Granted, it is wise and desirable to organize a society in such a way that minimizes the incentive to behave greedily. Happily, capitalism has a far superior track record to competing economic systems in producing a people of cheerful givers. The United States, whose economic structure is among the most capitalistic, is also unrivaled in generosity. One of the reasons people in a capitalist society are more generous is because capitalism produces greater wealth. And greater wealth provides people with greater opportunities to be generous.


Some who scoff at a capitalist society presumably based on greed advocate the means of production operate under some public-political ownership where all legal production and distribution decisions will be made by the ruling class to ensure “appropriate” distribution of the wealth. In other words, socialism. In a socialist system, if you were in the business of producing pencils you wouldn’t own the company, equipment, or supplies—the government would. Further, the quantity of pencils you would be making wouldn’t be based on how many pencils your customers wanted to buy or how much they were willing to pay, but on the quotas mandated by the government. And let’s not forget your pay: Your salary wouldn’t necessarily increase if you worked hard at making the best or the cheapest or most unique or the most pencils and therefore were able to sell more than your competition. That too would be decided by the government in a manner that was deemed “fair” by faceless bureaucrats you’d likely never meet.


Yet it is not the capitalist but the socialist who is obsessed with property and greed, for the socialist reduces the aspirations of mankind to a question of how we can best spread around all our material possessions. It should not be taken for granted that socialism often strongly correlates with materialism and determinism, which make sense in a reality where humans are nothing more than a grouping of atoms in a pre-arranged universe. Socialism views humans chiefly as material animals rather than spiritual beings, reducing questions of human happiness and actualization to economic formulas. Class warfare, poverty, wants, needs—salvation from all of life’s challenges is to be found in pursuit of materialistic utopia because matter is all there is room for in the socialist worldview. As the Philosophical Conservative blog notes:

“Material substance is the core and the god of socialist ideology. It is the belief that human salvation is a matter of gathering enough material substance and then spreading it about. But there is a little problem known as scarcity. The free enterprise approach understands that the true key is prosperity not wealth. The human assets that separate a thriving society from a failing or an unstable society are not physical, they are: ideas, originality and innovation. The free enterprise system has the intangible as its focus.”

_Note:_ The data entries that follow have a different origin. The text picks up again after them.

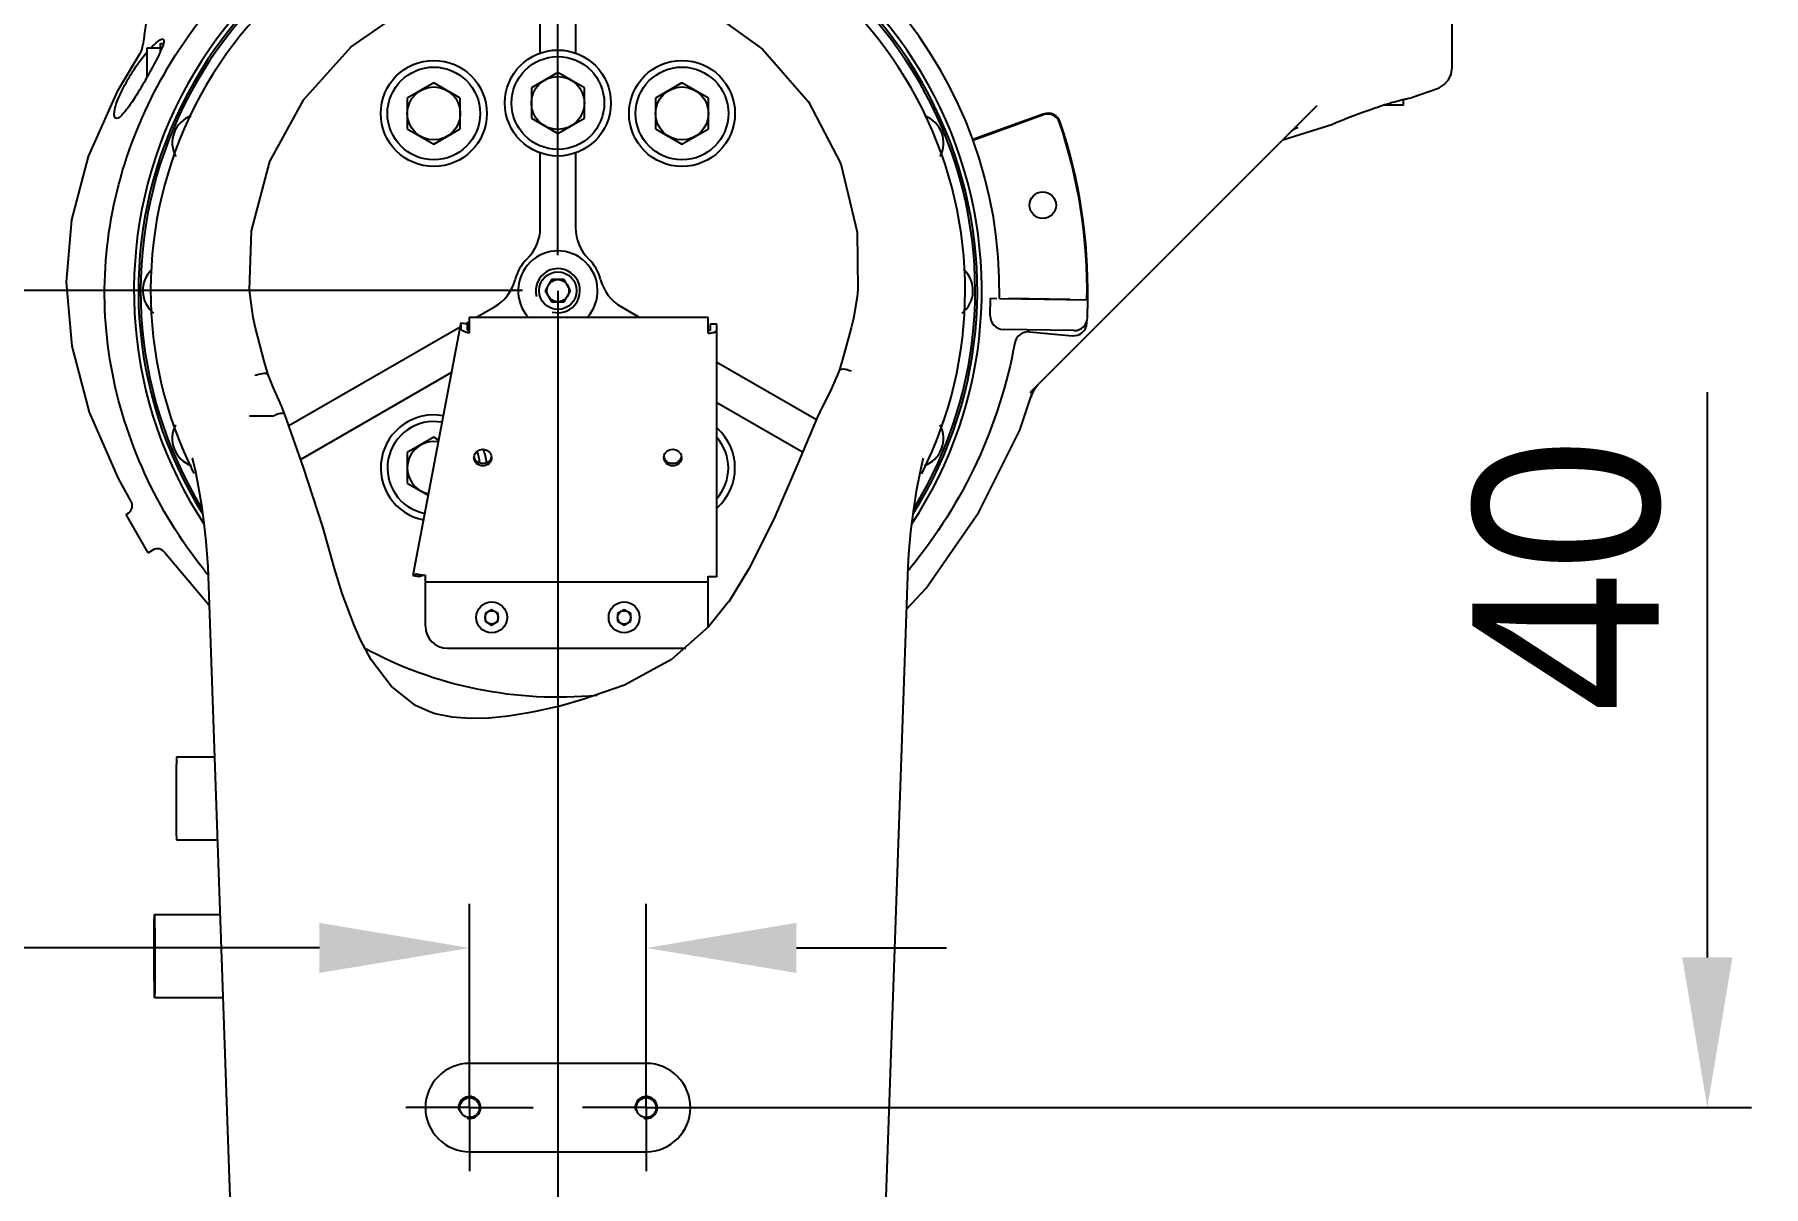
# Model space of a CAD drawing. Header units: millimetres. Extents: x 7426 to 8737, y 124 to 421.
# Drawn here: x 8011.82 to 8031.4, y 291.41 to 304.45 of the extents above; entities that cross this region are included whole.
import ezdxf

# ---------------------------------------------------------------- set-up
doc = ezdxf.new("R2010")
doc.units = ezdxf.units.MM
doc.linetypes.add('CENTER', pattern=[0.6, 0.375, -0.075, 0.075, -0.075])
for name, color, linetype in [('中心线', 7, 'Continuous'), ('外形图', 7, 'Continuous'), ('尺寸标注', 7, 'Continuous')]:
    doc.layers.add(name, color=color, linetype=linetype)
doc.styles.add('微软雅黑', font='msyh.ttc')
doc.dimstyles.new('尺寸标注_1_20比例', dxfattribs={"dimtxt": 2.1, "dimasz": 1.7, "dimexe": 0.5, "dimexo": 0.4, "dimgap": 0.5, "dimtad": 1, "dimdec": 1, "dimlfac": 20, "dimdsep": 46, "dimtxsty": '微软雅黑', "dimcen": 0.09, "dimadec": 0, "dimazin": 0, "dimtp": 0.01, "dimtm": 0.01, "dimtfac": 1, "dimtdec": 1, "dimtofl": 0, "dimtmove": 0, "dimatfit": 3, "dimfxl": 1, "dimtolj": 1, "dimarcsym": 0})

# ---------------------------------------------------------------- blocks, each defined once
blk = doc.blocks.new('*D1248')
at = {"layer": 'Defpoints', "color": 0}
for p in [(8055.75, 317.27), (8055.75, 308.549), (8017.75, 301.549)]:
    blk.add_point(p, dxfattribs=at)
at = {"layer": '尺寸标注', "color": 0, "linetype": 'Continuous', "lineweight": -2}
for p, q in [((8017.75, 301.949), (8017.75, 317.77)), ((8055.75, 308.949), (8055.75, 317.77)), ((8019.45, 317.27), (8054.05, 317.27))]:
    blk.add_line(p, q, dxfattribs=at)
at = {"layer": '尺寸标注', "color": 0}
for points in [[(8019.45, 317.554), (8019.45, 316.987), (8017.75, 317.27)], [(8054.05, 316.987), (8054.05, 317.554), (8055.75, 317.27)]]:
    blk.add_solid(points, dxfattribs=at)
at = {"layer": '尺寸标注', "color": 0, "insert": (8038.308, 319.941), "char_height": 2.1, "attachment_point": 2, "style": '微软雅黑'}
blk.add_mtext('\\A1;\\A1;760', dxfattribs=at)
blk = doc.blocks.new('*D1249')
at = {"layer": 'Defpoints', "color": 0}
for p in [(7980.399, 314.299), (8024.75, 314.299), (7999.58, 234.548)]:
    blk.add_point(p, dxfattribs=at)
at = {"layer": '尺寸标注', "color": 0, "linetype": 'Continuous', "lineweight": -2}
for p, q in [((8024.35, 314.299), (7979.899, 314.299)), ((7980.399, 236.248), (7980.399, 312.599)), ((7999.18, 234.548), (7979.899, 234.548))]:
    blk.add_line(p, q, dxfattribs=at)
at = {"layer": '尺寸标注', "color": 0}
for points in [[(7980.682, 312.599), (7980.116, 312.599), (7980.399, 314.299)], [(7980.116, 236.248), (7980.682, 236.248), (7980.399, 234.548)]]:
    blk.add_solid(points, dxfattribs=at)
at = {"layer": '尺寸标注', "color": 0, "insert": (7977.716, 274.422), "char_height": 2.1, "attachment_point": 2, "rotation": 90, "style": '微软雅黑'}
blk.add_mtext('\\A1;\\A1;1595', dxfattribs=at)
blk = doc.blocks.new('*D1250')
at = {"layer": 'Defpoints', "color": 0}
for p in [(8017.75, 308.549), (7989.649, 301.549), (8017.75, 301.549)]:
    blk.add_point(p, dxfattribs=at)
at = {"layer": '尺寸标注', "color": 0, "linetype": 'Continuous', "lineweight": -2}
for p, q in [((8017.35, 308.549), (7989.149, 308.549)), ((7989.649, 306.849), (7989.649, 303.249)), ((8017.35, 301.549), (7989.149, 301.549))]:
    blk.add_line(p, q, dxfattribs=at)
at = {"layer": '尺寸标注', "color": 0}
for points in [[(7989.932, 306.849), (7989.365, 306.849), (7989.649, 308.549)], [(7989.365, 303.249), (7989.932, 303.249), (7989.649, 301.549)]]:
    blk.add_solid(points, dxfattribs=at)
at = {"layer": '尺寸标注', "color": 0, "insert": (7986.967, 304.123), "char_height": 2.1, "attachment_point": 2, "rotation": 90, "style": '微软雅黑'}
blk.add_mtext('\\A1;\\A1;140', dxfattribs=at)
blk = doc.blocks.new('*D1251')
at = {"layer": 'Defpoints', "color": 0}
for p in [(8017.75, 301.549), (7989.645, 259.548), (8018.787, 259.548)]:
    blk.add_point(p, dxfattribs=at)
at = {"layer": '尺寸标注', "color": 0, "linetype": 'Continuous', "lineweight": -2}
for p, q in [((8017.35, 301.549), (7989.145, 301.549)), ((7989.645, 299.849), (7989.645, 261.248)), ((8018.387, 259.548), (7989.145, 259.548))]:
    blk.add_line(p, q, dxfattribs=at)
at = {"layer": '尺寸标注', "color": 0}
for points in [[(7989.928, 299.849), (7989.361, 299.849), (7989.645, 301.549)], [(7989.361, 261.248), (7989.928, 261.248), (7989.645, 259.548)]]:
    blk.add_solid(points, dxfattribs=at)
at = {"layer": '尺寸标注', "color": 0, "insert": (7986.974, 280.548), "char_height": 2.1, "attachment_point": 2, "rotation": 90, "style": '微软雅黑'}
blk.add_mtext('\\A1;\\A1;840', dxfattribs=at)
blk = doc.blocks.new('*D1256')
at = {"layer": 'Defpoints', "color": 0}
for p in [(8018.75, 294.106), (8016.75, 292.298), (8018.75, 292.298)]:
    blk.add_point(p, dxfattribs=at)
at = {"layer": '尺寸标注', "color": 0, "linetype": 'Continuous', "lineweight": -2}
for p, q in [((8016.75, 292.698), (8016.75, 294.606)), ((8018.75, 292.698), (8018.75, 294.606)), ((8015.05, 294.106), (8005.889, 294.106)), ((8020.45, 294.106), (8022.15, 294.106))]:
    blk.add_line(p, q, dxfattribs=at)
at = {"layer": '尺寸标注', "color": 0}
for points in [[(8015.05, 293.823), (8015.05, 294.39), (8016.75, 294.106)], [(8020.45, 294.39), (8020.45, 293.823), (8018.75, 294.106)]]:
    blk.add_solid(points, dxfattribs=at)
at = {"layer": '尺寸标注', "color": 0, "insert": (8007.946, 295.692), "char_height": 2.1, "attachment_point": 5, "style": '微软雅黑'}
blk.add_mtext('\\A1;\\A1;40', dxfattribs=at)
blk = doc.blocks.new('*D1257')
at = {"layer": 'Defpoints', "color": 0}
for p in [(8018.75, 292.298), (8018.75, 290.298), (8030.765, 290.298)]:
    blk.add_point(p, dxfattribs=at)
at = {"layer": '尺寸标注', "color": 0, "linetype": 'Continuous', "lineweight": -2}
for p, q in [((8030.765, 293.998), (8030.765, 300.4)), ((8019.15, 292.298), (8031.265, 292.298)), ((8019.15, 290.298), (8031.265, 290.298)), ((8030.765, 288.598), (8030.765, 286.898))]:
    blk.add_line(p, q, dxfattribs=at)
at = {"layer": '尺寸标注', "color": 0}
for points in [[(8030.481, 293.998), (8031.048, 293.998), (8030.765, 292.298)], [(8031.048, 288.598), (8030.481, 288.598), (8030.765, 290.298)]]:
    blk.add_solid(points, dxfattribs=at)
at = {"layer": '尺寸标注', "color": 0, "insert": (8029.18, 298.343), "char_height": 2.1, "attachment_point": 5, "rotation": 90, "style": '微软雅黑'}
blk.add_mtext('\\A1;\\A1;40', dxfattribs=at)

msp = doc.modelspace()

# ---------------------------------------------------------------- linework, layer by layer
at = {"layer": '中心线', "color": 0, "linetype": 'CENTER', "ltscale": 30}
msp.add_line((8017.7497, 301.5486), (8017.7497, 259.548), dxfattribs=at)
at = {"layer": '外形图', "color": 0, "linetype": 'Continuous'}
for p, q in [((8027.8749, 304.0741), (8027.8749, 313.9487)), ((8017.5497, 304.2393), (8017.5497, 305.085)), ((8017.9498, 305.0836), (8017.9498, 304.2393)), ((8013.0997, 303.9698), (8013.0997, 304.2986)), ((8013.0997, 304.2986), (8013.2497, 304.2986)), ((8013.2497, 304.257), (8013.2497, 304.3486)), ((8013.2497, 304.3486), (8013.2842, 304.3486)), ((8017.7497, 304.02), (8017.4497, 303.8468)), ((8018.0498, 303.8468), (8017.7497, 304.02)), ((8013.0907, 303.9536), (8013.0879, 303.9486)), ((8016.3445, 303.9019), (8016.0445, 303.7287)), ((8016.6445, 303.7287), (8016.3445, 303.9019)), ((8017.4497, 303.8468), (8017.4497, 303.5004)), ((8018.0498, 303.5004), (8018.0498, 303.8468)), ((8019.155, 303.9019), (8018.855, 303.7287)), ((8019.455, 303.7287), (8019.155, 303.9019)), ((8027.4249, 303.738), (8027.7093, 303.8388)), ((8016.0445, 303.7287), (8016.0445, 303.3823)), ((8016.6445, 303.3823), (8016.6445, 303.7287)), ((8018.855, 303.7287), (8018.855, 303.3823)), ((8019.455, 303.3823), (8019.455, 303.7287)), ((8023.0973, 300.3961), (8026.3453, 303.644)), ((8027.3249, 303.6486), (8027.1015, 303.6486)), ((8027.3249, 303.6486), (8027.3249, 303.7127)), ((8017.4497, 303.5004), (8017.7497, 303.3272)), ((8017.7497, 303.3272), (8018.0498, 303.5004)), ((8023.2452, 303.5488), (8022.4483, 303.2587)), ((8023.2481, 303.5407), (8022.4512, 303.2506)), ((8025.9711, 303.2613), (8026.5249, 303.4354)), ((8016.0445, 303.3823), (8016.3445, 303.2091)), ((8016.3445, 303.2091), (8016.6445, 303.3823)), ((8018.855, 303.3823), (8019.155, 303.2091)), ((8019.155, 303.2091), (8019.455, 303.3823)), ((8025.959, 303.2578), (8025.9711, 303.2613)), ((8026.1157, 303.3928), (8026.1308, 303.3981)), ((8026.1308, 303.3981), (8026.1304, 303.398)), ((8017.5497, 302.2627), (8017.5497, 303.1079)), ((8017.9498, 303.1079), (8017.9498, 302.2627)), ((8017.6776, 301.6736), (8017.6054, 301.5486)), ((8017.8219, 301.6736), (8017.6776, 301.6736)), ((8017.8941, 301.5486), (8017.8219, 301.6736)), ((8014.2577, 301.559), (8014.2577, 301.5592)), ((8017.6054, 301.5486), (8017.6776, 301.4236)), ((8017.8219, 301.4236), (8017.8941, 301.5486)), ((8021.1477, 301.5603), (8021.1477, 301.5604)), ((8016.8293, 301.2481), (8017.0313, 301.3647)), ((8017.6776, 301.4236), (8017.8219, 301.4236)), ((8018.4682, 301.3647), (8018.6702, 301.2481)), ((8022.6456, 301.2631), (8022.6491, 301.4631)), ((8022.6491, 301.4631), (8022.7205, 301.4618)), ((8022.7491, 301.4613), (8023.7489, 301.4439)), ((8023.5489, 301.4473), (8022.849, 301.4596)), ((8023.7454, 301.2439), (8023.7489, 301.4439)), ((8014.3269, 301.1247), (8014.3006, 301.2467)), ((8014.7027, 300.0203), (8016.6424, 301.1402)), ((8016.6512, 301.1864), (8016.1085, 298.3245)), ((8016.6512, 301.1864), (8016.6512, 301.118)), ((8016.6512, 301.1864), (8016.7251, 301.1745)), ((8016.7069, 301.1774), (8016.7482, 301.2013)), ((8016.7251, 301.1061), (8016.7251, 301.1745)), ((8016.7497, 301.0679), (8016.7497, 301.2481)), ((8016.7497, 301.2481), (8019.4498, 301.2481)), ((8019.4498, 301.0679), (8019.4498, 301.2481)), ((8019.4748, 301.1705), (8019.4748, 301.1021)), ((8019.5498, 301.1705), (8019.4748, 301.1705)), ((8019.5498, 298.3146), (8019.5498, 301.1705)), ((8021.0951, 301.2329), (8021.0697, 301.1261)), ((8023.5928, 301.0965), (8022.7929, 301.1105)), ((8023.0914, 301.0812), (8023.5756, 301.0389)), ((8014.469, 300.5952), (8014.4241, 300.7508)), ((8019.5498, 300.7403), (8020.6772, 300.0893)), ((8020.9723, 300.7699), (8020.935, 300.6427)), ((8014.502, 300.5128), (8014.4687, 300.596)), ((8014.502, 300.5127), (8014.502, 300.5128)), ((8014.5269, 300.4545), (8014.502, 300.5127)), ((8016.5441, 300.6215), (8014.8375, 299.6363)), ((8023.2065, 300.5052), (8023.2112, 300.51)), ((8014.6183, 300.2428), (8014.5269, 300.4545)), ((8020.8288, 300.3991), (8020.7437, 300.2293)), ((8020.8495, 300.4425), (8020.8289, 300.3991)), ((8022.9806, 299.9709), (8023.1342, 300.4329)), ((8023.109, 300.3457), (8023.107, 300.3399)), ((8023.1089, 300.3456), (8023.111, 300.3514)), ((8023.1171, 300.3674), (8023.1194, 300.373)), ((8023.1194, 300.373), (8023.1219, 300.3788)), ((8023.1219, 300.3788), (8023.1245, 300.3847)), ((8014.5132, 300.1295), (8014.2593, 300.1295)), ((8014.6581, 300.1472), (8014.6183, 300.2428)), ((8014.6582, 300.1468), (8014.6581, 300.1472)), ((8020.5195, 299.7185), (8019.5498, 300.2784)), ((8020.7208, 300.1839), (8020.6907, 300.121)), ((8020.6907, 300.121), (8020.6907, 300.1209)), ((8020.7437, 300.2293), (8020.7207, 300.1839)), ((8016.3445, 299.888), (8016.0445, 299.7148)), ((8016.0445, 299.7148), (8016.0445, 299.3684)), ((8016.399, 299.8566), (8016.3445, 299.888)), ((8016.0445, 299.3684), (8016.2806, 299.2321)), ((8012.8615, 299.015), (8012.892, 299.0326)), ((8013.1115, 298.582), (8012.8615, 299.015)), ((8013.1115, 298.582), (8013.1785, 298.6207)), ((8013.2966, 298.5863), (8013.8002, 297.9881)), ((8016.1085, 298.3245), (8016.1443, 298.3413)), ((8019.9109, 298.3998), (8019.6835, 298.0262)), ((8016.1085, 298.3245), (8016.1824, 298.3125)), ((8016.1824, 298.3125), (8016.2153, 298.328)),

When the state owns the means of production it owns you. The state dictates how much you produce and how much you make. From this vantage point it is easy to see the correlation between freedom and property. If you are not free to own property, you’re not free to produce, distribute, or earn as you see fit. Those who are not free to work, produce, distribute, or earn as they desire are not free to pursue their own happiness. Here again is the link between the pursuit of property and happiness: Humanity’s actualization is to be found in the pursuit of one’s self-interests, not purely material acquisition.


In Part II we’ll turn our attention to the allure of socialism for Millennials.


*The “What Conservatives Believe” series was inspired by Russell Kirk’s “Ten Conservative Principles”. As a diligent student of conservatism my aim in this series is not to improve upon his manifesto—a task for which I’m hardly qualified—but to restate his ideas in a more digestible manner for the political layman who’d like to know what it means to be a conservative without having to read an academic paper.